**Records for the task**
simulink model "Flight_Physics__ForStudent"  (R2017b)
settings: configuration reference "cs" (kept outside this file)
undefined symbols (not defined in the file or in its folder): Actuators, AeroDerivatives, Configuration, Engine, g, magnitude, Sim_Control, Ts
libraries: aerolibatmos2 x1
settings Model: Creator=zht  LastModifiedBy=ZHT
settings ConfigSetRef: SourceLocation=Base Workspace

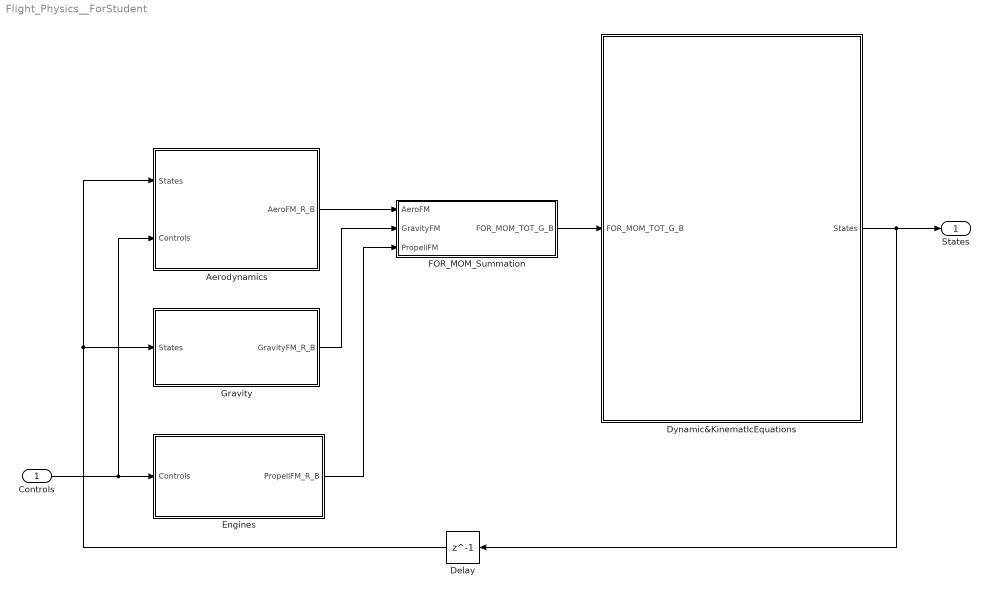
== system Flight_Physics__ForStudent ==
  Controls : Inport  OutDataTypeStr=Bus: Controls_CMD_BUS
  Aerodynamics : Subsystem
  Delay : Delay  DelayLength=1
  Dynamic&KinematlcEquations : Subsystem
  Engines : Subsystem
  FOR_MOM_Summation : Subsystem
  Gravity : Subsystem
  States : Outport  OutDataTypeStr=Bus: States_BUS
  wires:
  Controls/1 -> Engines/1(Controls), Aerodynamics/2(Controls)
  Dynamic&KinematlcEquations/1(States) -> States/1, Delay/1
  FOR_MOM_Summation/1(FOR_MOM_TOT_G_B) -> Dynamic&KinematlcEquations/1(FOR_MOM_TOT_G_B)
  Aerodynamics/1(AeroFM_R_B) -> FOR_MOM_Summation/1(AeroFM)
  Gravity/1(GravityFM_R_B) -> FOR_MOM_Summation/2(GravityFM)
  Engines/1(PropellFM_R_B) -> FOR_MOM_Summation/3(PropellFM)
  Delay/1 -> Aerodynamics/1(States), Gravity/1(States)

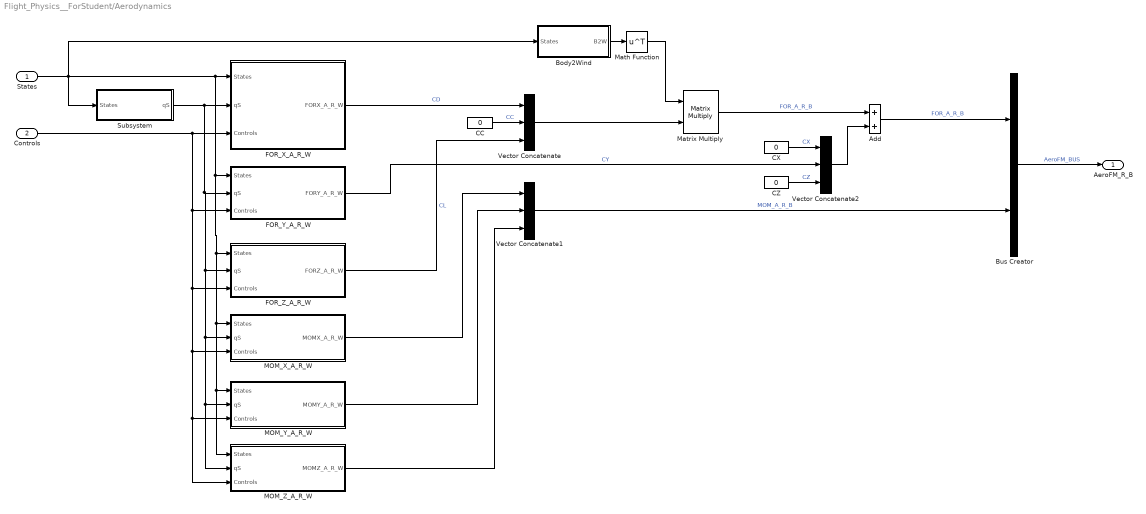
== system Flight_Physics__ForStudent/Aerodynamics ==
  States : Inport  OutDataTypeStr=Bus: States_BUS
  Controls : Inport  Port=2  OutDataTypeStr=Bus: Controls_CMD_BUS
  Add : Sum
  Body2Wind : Subsystem
  Bus Creator : BusCreator  Inputs=2  OutDataTypeStr=Bus: AeroFM_BUS
  CC : Constant  Value=0
  CX : Constant  Value=0
  CZ : Constant  Value=0
  FOR_X_A_R_W : Subsystem
  FOR_Y_A_R_W : Subsystem
  FOR_Z_A_R_W : Subsystem
  MOM_X_A_R_W : Subsystem
  MOM_Y_A_R_W : Subsystem
  MOM_Z_A_R_W : Subsystem
  Math Function : Math  Operator=transpose  SaturateOnIntegerOverflow=on
  Matrix Multiply : Product  Multiplication=Matrix(*)
  Subsystem : Subsystem
  Vector Concatenate : Concatenate  NumInputs=3  Mode=Multidimensional array
  Vector Concatenate1 : Concatenate  NumInputs=3  Mode=Multidimensional array
  Vector Concatenate2 : Concatenate  NumInputs=3  Mode=Multidimensional array
  AeroFM_R_B : Outport  OutDataTypeStr=Bus: AeroFM_BUS
  wires:
  Math Function/1 -> Matrix Multiply/1
  Add/1 -> Bus Creator/1  "FOR_A_R_B"
  Vector Concatenate1/1 -> Bus Creator/2  "MOM_A_R_B"
  MOM_Y_A_R_W/1(MOMY_A_R_W) -> Vector Concatenate1/2
  FOR_Z_A_R_W/1(FORZ_A_R_W) -> Vector Concatenate/3  "CL"
  FOR_Y_A_R_W/1(FORY_A_R_W) -> Vector Concatenate2/2  "CY"
  Body2Wind/1(B2W) -> Math Function/1
  Controls/1 -> FOR_Y_A_R_W/3(Controls), FOR_Z_A_R_W/3(Controls), MOM_X_A_R_W/3(Controls), MOM_Y_A_R_W/3(Controls), MOM_Z_A_R_W/3(Controls), FOR_X_A_R_W/3(Controls)
  Subsystem/1(qS) -> FOR_Z_A_R_W/2(qS), MOM_X_A_R_W/2(qS), MOM_Y_A_R_W/2(qS), MOM_Z_A_R_W/2(qS), FOR_Y_A_R_W/2(qS), FOR_X_A_R_W/2(qS)
  MOM_Z_A_R_W/1(MOMZ_A_R_W) -> Vector Concatenate1/3
  Bus Creator/1 -> AeroFM_R_B/1  "AeroFM_BUS"
  States/1 -> Subsystem/1(States), Body2Wind/1(States), MOM_Z_A_R_W/1(States), MOM_Y_A_R_W/1(States), MOM_X_A_R_W/1(States), FOR_Z_A_R_W/1(States), FOR_Y_A_R_W/1(States), FOR_X_A_R_W/1(States)
  MOM_X_A_R_W/1(MOMX_A_R_W) -> Vector Concatenate1/1
  FOR_X_A_R_W/1(FORX_A_R_W) -> Vector Concatenate/1  "CD"
  Vector Concatenate/1 -> Matrix Multiply/2
  CC/1 -> Vector Concatenate/2  "CC"
  CX/1 -> Vector Concatenate2/1  "CX"
  CZ/1 -> Vector Concatenate2/3  "CZ"
  Matrix Multiply/1 -> Add/1  "FOR_A_R_B"
  Vector Concatenate2/1 -> Add/2

== system Flight_Physics__ForStudent/Dynamic&KinematlcEquations ==
  note: 建模符号约定：
      | 变量命名：
      | 变量_运动类型_点_坐标系
      |
      | 变量类型：
      | VEL 速度（3x1的向量）
      | ROT 角速度（3x1的向量）
      | POS 位置（3x1的向量）
      | ATT 角度（3x1的向量）
      | VEL _DOT 加速度（3x1的向量）
      | ROT_DOT 角加速度（3x1的向量）
      | Alpha 迎角
      | Beta 侧滑角
      | Gamma 航迹倾角（下滑角、爬升角）
      | 运动类型：
      | K 表示相对于地面的运动
      | A 表示相对于气流的运动（考虑风场）
      | 点类型：
      | R 表示参考重心
      | G 表示实际重心
      | 坐标系类型：
      | B 机体系
      | E 地面系 ABS 与坐标系无关，表示该变量的绝对值
  FOR_MOM_TOT_G_B : Inport  OutDataTypeStr=Bus: FOR_MOM_TOT_BUS
  Bus Creator1 : BusCreator  Inputs=14  OutDataTypeStr=Bus: States_BUS
  Bus Selector1 : BusSelector  OutputSignals=FOR_T_G_B,MOM_T_G_B
  Bus Selector2 : BusSelector  OutputSignals=VEL_K_R_B,ROT_K_R_B,ATT_EULER
  Equations : Subsystem
  States : Outport  OutDataTypeStr=Bus: States_BUS
  wires:
  Bus Selector2/2 -> Equations/4(p_q_r)  "<ROT_K_R_B>"
  Bus Selector2/1 -> Equations/3(ub_vb_wb)  "<VEL_K_R_B>"
  Bus Selector2/3 -> Equations/5(phi_theta_psi)  "<ATT_EULER>"
  Equations/7(ROT_DOT_K_R_B) -> Bus Creator1/7  "ROT_DOT_K_R_B"
  Equations/10(VEL_K_R_ABS) -> Bus Creator1/10  "VEL_K_R_ABS"
  Bus Selector1/1 -> Equations/1(Fxyz(N))  "<FOR_T_G_B>"
  Equations/14(Beta_A_R_B) -> Bus Creator1/14  "Beta_A_R_B"
  Equations/12(Gamma_K_R_B) -> Bus Creator1/12  "Gamma_K_R_B"
  Equations/6(ROT_K_R_B) -> Bus Creator1/6  "ROT_K_R_B"
  Equations/13(Alpha_A_R_B) -> Bus Creator1/13  "Alpha_A_R_B"
  Equations/8(VEL_DOT_K_R_B) -> Bus Creator1/8  "VEL_DOT_K_R_B"
  Equations/5(VEL_K_R_B) -> Bus Creator1/5  "VEL_K_R_B"
  Equations/2(POS_R_E) -> Bus Creator1/2  "POS_R_E"
  Bus Creator1/1 -> Bus Selector2/1, States/1
  Bus Selector1/2 -> Equations/2(Mxyz(Nm))  "<MOM_T_G_B>"
  Equations/11(Chi_K_R_B) -> Bus Creator1/11  "Chi_K_R_B"
  Equations/1(VEL_K_R_E) -> Bus Creator1/1  "VEL_K_R_E"
  FOR_MOM_TOT_G_B/1 -> Bus Selector1/1
  Equations/9(FUEL_Availible) -> Bus Creator1/9  "FUEL_Availible"
  Equations/3(ATT_EULER) -> Bus Creator1/3  "ATT_EULER"
  Equations/4(M_BE) -> Bus Creator1/4  "M_BE"

== system Flight_Physics__ForStudent/Engines ==
  Controls : Inport  OutDataTypeStr=Bus: Controls_CMD_BUS
  1-D Lookup Table : Lookup_n-D  NumberOfTableDimensions=1  BreakpointsForDimension1=Engine.Thrset  Table=Engine.Tset  InternalRulePriority=Speed  RndMeth=Simplest  InputSameDT=on
  1-D Lookup Table1 : Lookup_n-D  NumberOfTableDimensions=1  BreakpointsForDimension1=Engine.Thrset  Table=Engine.SFCset  InternalRulePriority=Speed  RndMeth=Simplest  InputSameDT=on
  Bus Creator : BusCreator  Inputs=3  OutDataTypeStr=Bus: PropellFM_BUS
  Bus Selector : BusSelector  OutputSignals=Engine_CMD
  Constant4 : Constant  Value=Engine.Position-Configuration.POS_CG  SampleTime=Ts
  Constant5 : Constant  Value=Engine.Phi  SampleTime=Ts
  Gain : Gain  Gain=[1,0,0]'
  Gain1 : Gain  Gain=100
  Matrix Multiply : Product  Multiplication=Matrix(*)
  Subsystem : Subsystem
  Subsystem1 : Subsystem
  PropellFM_R_B : Outport  OutDataTypeStr=Bus: PropellFM_BUS
  wires:
  1-D Lookup Table1/1 -> Bus Creator/3  "SFC"
  Subsystem/1(M_B_Phi) -> Matrix Multiply/1
  Matrix Multiply/1 -> Subsystem1/2(v2), Bus Creator/2  "FOR_P_R_B"
  Bus Creator/1 -> PropellFM_R_B/1  "PropellFM_BUS"
  Bus Selector/1 -> 1-D Lookup Table1/1, Gain1/1  "<Engine_CMD>"
  Gain1/1 -> 1-D Lookup Table/1
  1-D Lookup Table/1 -> Gain/1
  Constant4/1 -> Subsystem1/1(v1)
  Controls/1 -> Bus Selector/1
  Gain/1 -> Matrix Multiply/2
  Constant5/1 -> Subsystem/1(Phi_rad)
  Subsystem1/1(v1_x_v2) -> Bus Creator/1  "MOM_P_R_B"

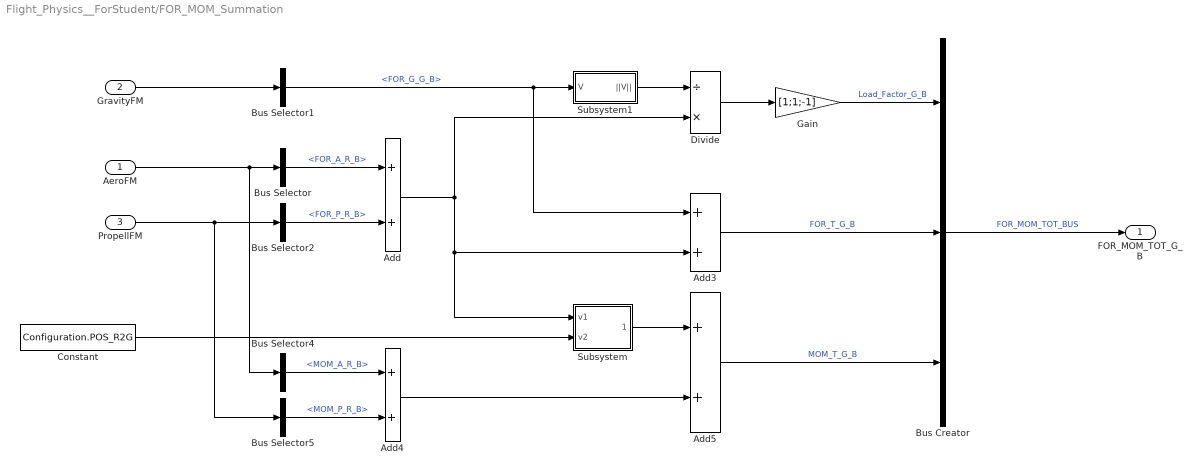
== system Flight_Physics__ForStudent/FOR_MOM_Summation ==
  AeroFM : Inport  OutDataTypeStr=Bus: AeroFM_BUS
  GravityFM : Inport  Port=2  OutDataTypeStr=Bus: GravityFM_BUS
  PropellFM : Inport  Port=3  OutDataTypeStr=Bus: PropellFM_BUS
  Add{,3..5} (4 alike) : Sum
  Bus Creator : BusCreator  Inputs=3  OutDataTypeStr=Bus: FOR_MOM_TOT_BUS
  Bus Selector : BusSelector  OutputSignals=FOR_A_R_B
  Bus Selector1 : BusSelector  OutputSignals=FOR_G_G_B
  Bus Selector2 : BusSelector  OutputSignals=FOR_P_R_B
  Bus Selector4 : BusSelector  OutputSignals=MOM_A_R_B
  Bus Selector5 : BusSelector  OutputSignals=MOM_P_R_B
  Constant : Constant  Value=Configuration.POS_R2G
  Divide : Product  Inputs=/*
  Gain : Gain  Gain=[1;1;-1]
  Subsystem : Subsystem
  Subsystem1 : Subsystem
  FOR_MOM_TOT_G_B : Outport  OutDataTypeStr=Bus: FOR_MOM_TOT_BUS
  wires:
  PropellFM/1 -> Bus Selector2/1, Bus Selector5/1
  AeroFM/1 -> Bus Selector4/1, Bus Selector/1
  GravityFM/1 -> Bus Selector1/1
  Bus Creator/1 -> FOR_MOM_TOT_G_B/1  "FOR_MOM_TOT_BUS"
  Bus Selector/1 -> Add/1  "<FOR_A_R_B>"
  Bus Selector2/1 -> Add/2  "<FOR_P_R_B>"
  Bus Selector1/1 -> Subsystem1/1(V), Add3/1  "<FOR_G_G_B>"
  Add/1 -> Subsystem/1(v1), Add3/2, Divide/2
  Subsystem1/1(||V||) -> Divide/1
  Divide/1 -> Gain/1
  Gain/1 -> Bus Creator/1  "Load_Factor_G_B"
  Add3/1 -> Bus Creator/2  "FOR_T_G_B"
  Bus Selector4/1 -> Add4/1  "<MOM_A_R_B>"
  Bus Selector5/1 -> Add4/2  "<MOM_P_R_B>"
  Subsystem/1(v1_x_v2) -> Add5/1
  Add4/1 -> Add5/2
  Add5/1 -> Bus Creator/3  "MOM_T_G_B"
  Constant/1 -> Subsystem/2(v2)

== system Flight_Physics__ForStudent/Gravity ==
  States : Inport  OutDataTypeStr=Bus: States_BUS
  Bus Creator : BusCreator  Inputs=2  OutDataTypeStr=Bus: GravityFM_BUS
  Bus Selector : BusSelector  OutputSignals=M_BE
  Constant : Constant  Value=[0;0;0]
  Constant1 : Constant  Value=[0;0;g]  SampleTime=Ts
  Constant2 : Constant  Value=Configuration.Mass  SampleTime=Ts
  Matrix Multiply : Product  Multiplication=Matrix(*)
  Product : Product
  GravityFM_R_B : Outport  OutDataTypeStr=Bus: GravityFM_BUS
  wires:
  States/1 -> Bus Selector/1
  Bus Selector/1 -> Matrix Multiply/1  "<M_BE>"
  Constant1/1 -> Matrix Multiply/2
  Matrix Multiply/1 -> Product/1
  Constant2/1 -> Product/2
  Product/1 -> Bus Creator/1  "FOR_G_G_B"
  Constant/1 -> Bus Creator/2  "MOM_G_G_B"
  Bus Creator/1 -> GravityFM_R_B/1  "GravityFM_BUS"

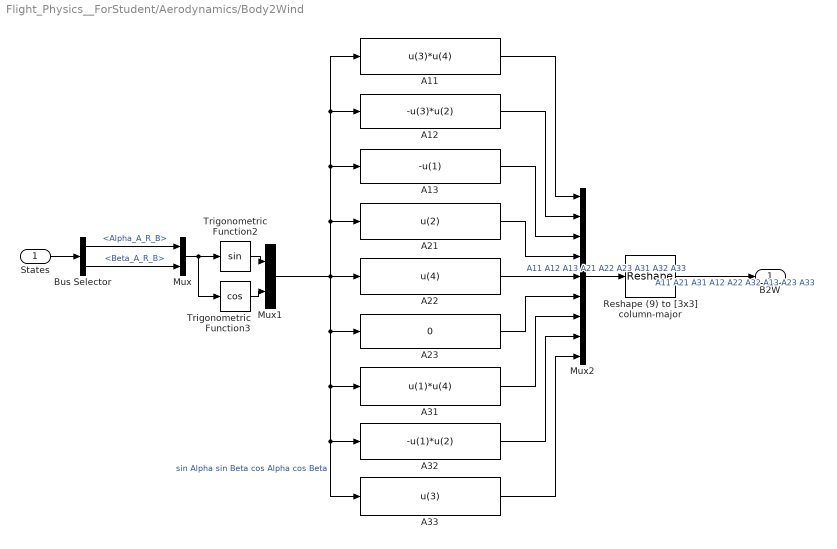
== system Flight_Physics__ForStudent/Aerodynamics/Body2Wind ==
  States : Inport  OutDataTypeStr=Bus: States_BUS
  A11 : Fcn  Expr=u(3)*u(4)
  A12 : Fcn  Expr=-u(3)*u(2)
  A13 : Fcn  Expr=-u(1)
  A21 : Fcn  Expr=u(2)
  A22 : Fcn  Expr=u(4)
  A23 : Fcn  Expr=0
  A31 : Fcn  Expr=u(1)*u(4)
  A32 : Fcn  Expr=-u(1)*u(2)
  A33 : Fcn  Expr=u(3)
  Bus Selector : BusSelector  OutputSignals=Alpha_A_R_B,Beta_A_R_B
  Mux : Mux  Inputs=2
  Mux1 : Mux  Inputs=2
  Mux2 : Mux  Inputs=9
  Reshape (9) to [3x3] column-major : Reshape  OutputDimensionality=Customize  OutputDimensions=[3,3]
  Trigonometric Function2 : Trigonometry
  Trigonometric Function3 : Trigonometry  Operator=cos
  B2W : Outport  PortDimensions=[3 3]
  wires:
  Mux/1 -> Trigonometric Function2/1, Trigonometric Function3/1
  Trigonometric Function3/1 -> Mux1/2
  Trigonometric Function2/1 -> Mux1/1
  Bus Selector/2 -> Mux/2  "<Beta_A_R_B>"
  Bus Selector/1 -> Mux/1  "<Alpha_A_R_B>"
  States/1 -> Bus Selector/1
  A12/1 -> Mux2/2
  A13/1 -> Mux2/3
  A21/1 -> Mux2/4
  A32/1 -> Mux2/8
  A23/1 -> Mux2/6
  Mux2/1 -> Reshape (9) to [3x3] column-major/1  "A11 A12 A13 A21 A22 A23 A31 A32 A33"
  Reshape (9) to [3x3] column-major/1 -> B2W/1  "A11 A21 A31 A12 A22 A32 A13 A23 A33"
  A11/1 -> Mux2/1
  A22/1 -> Mux2/5
  A33/1 -> Mux2/9
  Mux1/1 -> A22/1, A23/1, A31/1, A32/1, A33/1, A21/1, A13/1, A11/1, A12/1  "sin Alpha sin Beta cos Alpha cos Beta"
  A31/1 -> Mux2/7

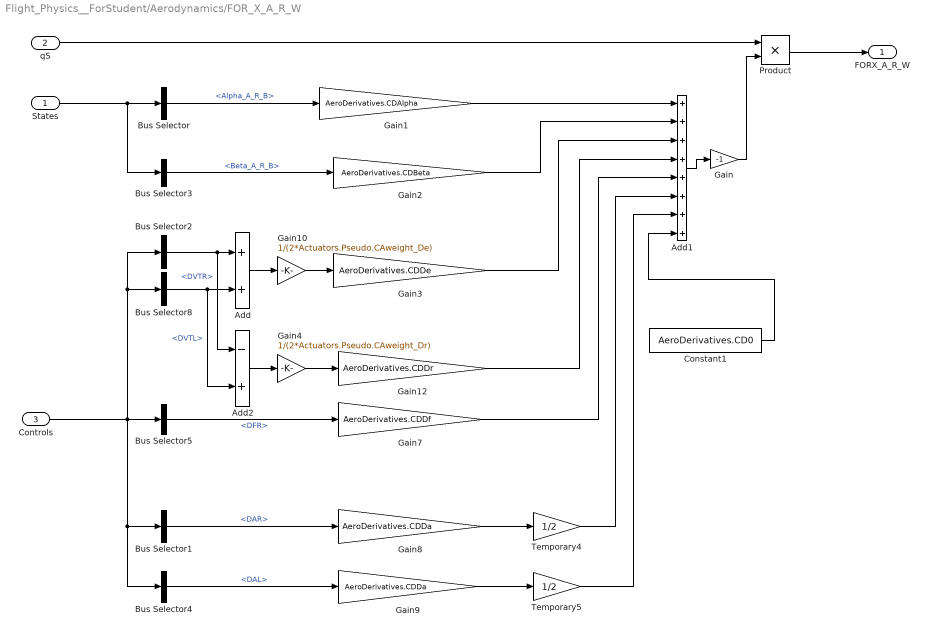
== system Flight_Physics__ForStudent/Aerodynamics/FOR_X_A_R_W ==
  States : Inport  OutDataTypeStr=Bus: States_BUS  BusOutputAsStruct=on
  qS : Inport  Port=2  BusOutputAsStruct=on
  Controls : Inport  Port=3  OutDataTypeStr=Bus: Controls_CMD_BUS  BusOutputAsStruct=on
  Add : Sum
  Add1 : Sum  Inputs=++++++++
  Add2 : Sum  Inputs=-+
  Bus Selector : BusSelector  OutputSignals=Alpha_A_R_B
  Bus Selector1 : BusSelector  OutputSignals=Actuators_CMD.DAR
  Bus Selector2 : BusSelector  OutputSignals=Actuators_CMD.DVTR
  Bus Selector3 : BusSelector  OutputSignals=Beta_A_R_B
  Bus Selector4 : BusSelector  OutputSignals=Actuators_CMD.DAL
  Bus Selector5 : BusSelector  OutputSignals=Actuators_CMD.DFR
  Bus Selector8 : BusSelector  OutputSignals=Actuators_CMD.DVTL
  Constant1 : Constant  Value=AeroDerivatives.CD0
  Gain : Gain  Gain=-1
  Gain1 : Gain  Gain=AeroDerivatives.CDAlpha
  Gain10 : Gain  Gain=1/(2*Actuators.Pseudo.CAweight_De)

**What you have to do**
Write out the lines of the entries above exactly, beginning with the first and ending with the line that contains "Dynamic&KinematlcEquations/1(States) -> States/1, Delay/1". No picture goes in.

**Output of the exercise**
simulink model "Flight_Physics__ForStudent"  (R2017b)
settings: configuration reference "cs" (kept outside this file)
undefined symbols (not defined in the file or in its folder): Actuators, AeroDerivatives, Configuration, Engine, g, magnitude, Sim_Control, Ts
libraries: aerolibatmos2 x1
settings Model: Creator=zht  LastModifiedBy=ZHT
settings ConfigSetRef: SourceLocation=Base Workspace

== system Flight_Physics__ForStudent ==
  Controls : Inport  OutDataTypeStr=Bus: Controls_CMD_BUS
  Aerodynamics : Subsystem
  Delay : Delay  DelayLength=1
  Dynamic&KinematlcEquations : Subsystem
  Engines : Subsystem
  FOR_MOM_Summation : Subsystem
  Gravity : Subsystem
  States : Outport  OutDataTypeStr=Bus: States_BUS
  wires:
  Controls/1 -> Engines/1(Controls), Aerodynamics/2(Controls)
  Dynamic&KinematlcEquations/1(States) -> States/1, Delay/1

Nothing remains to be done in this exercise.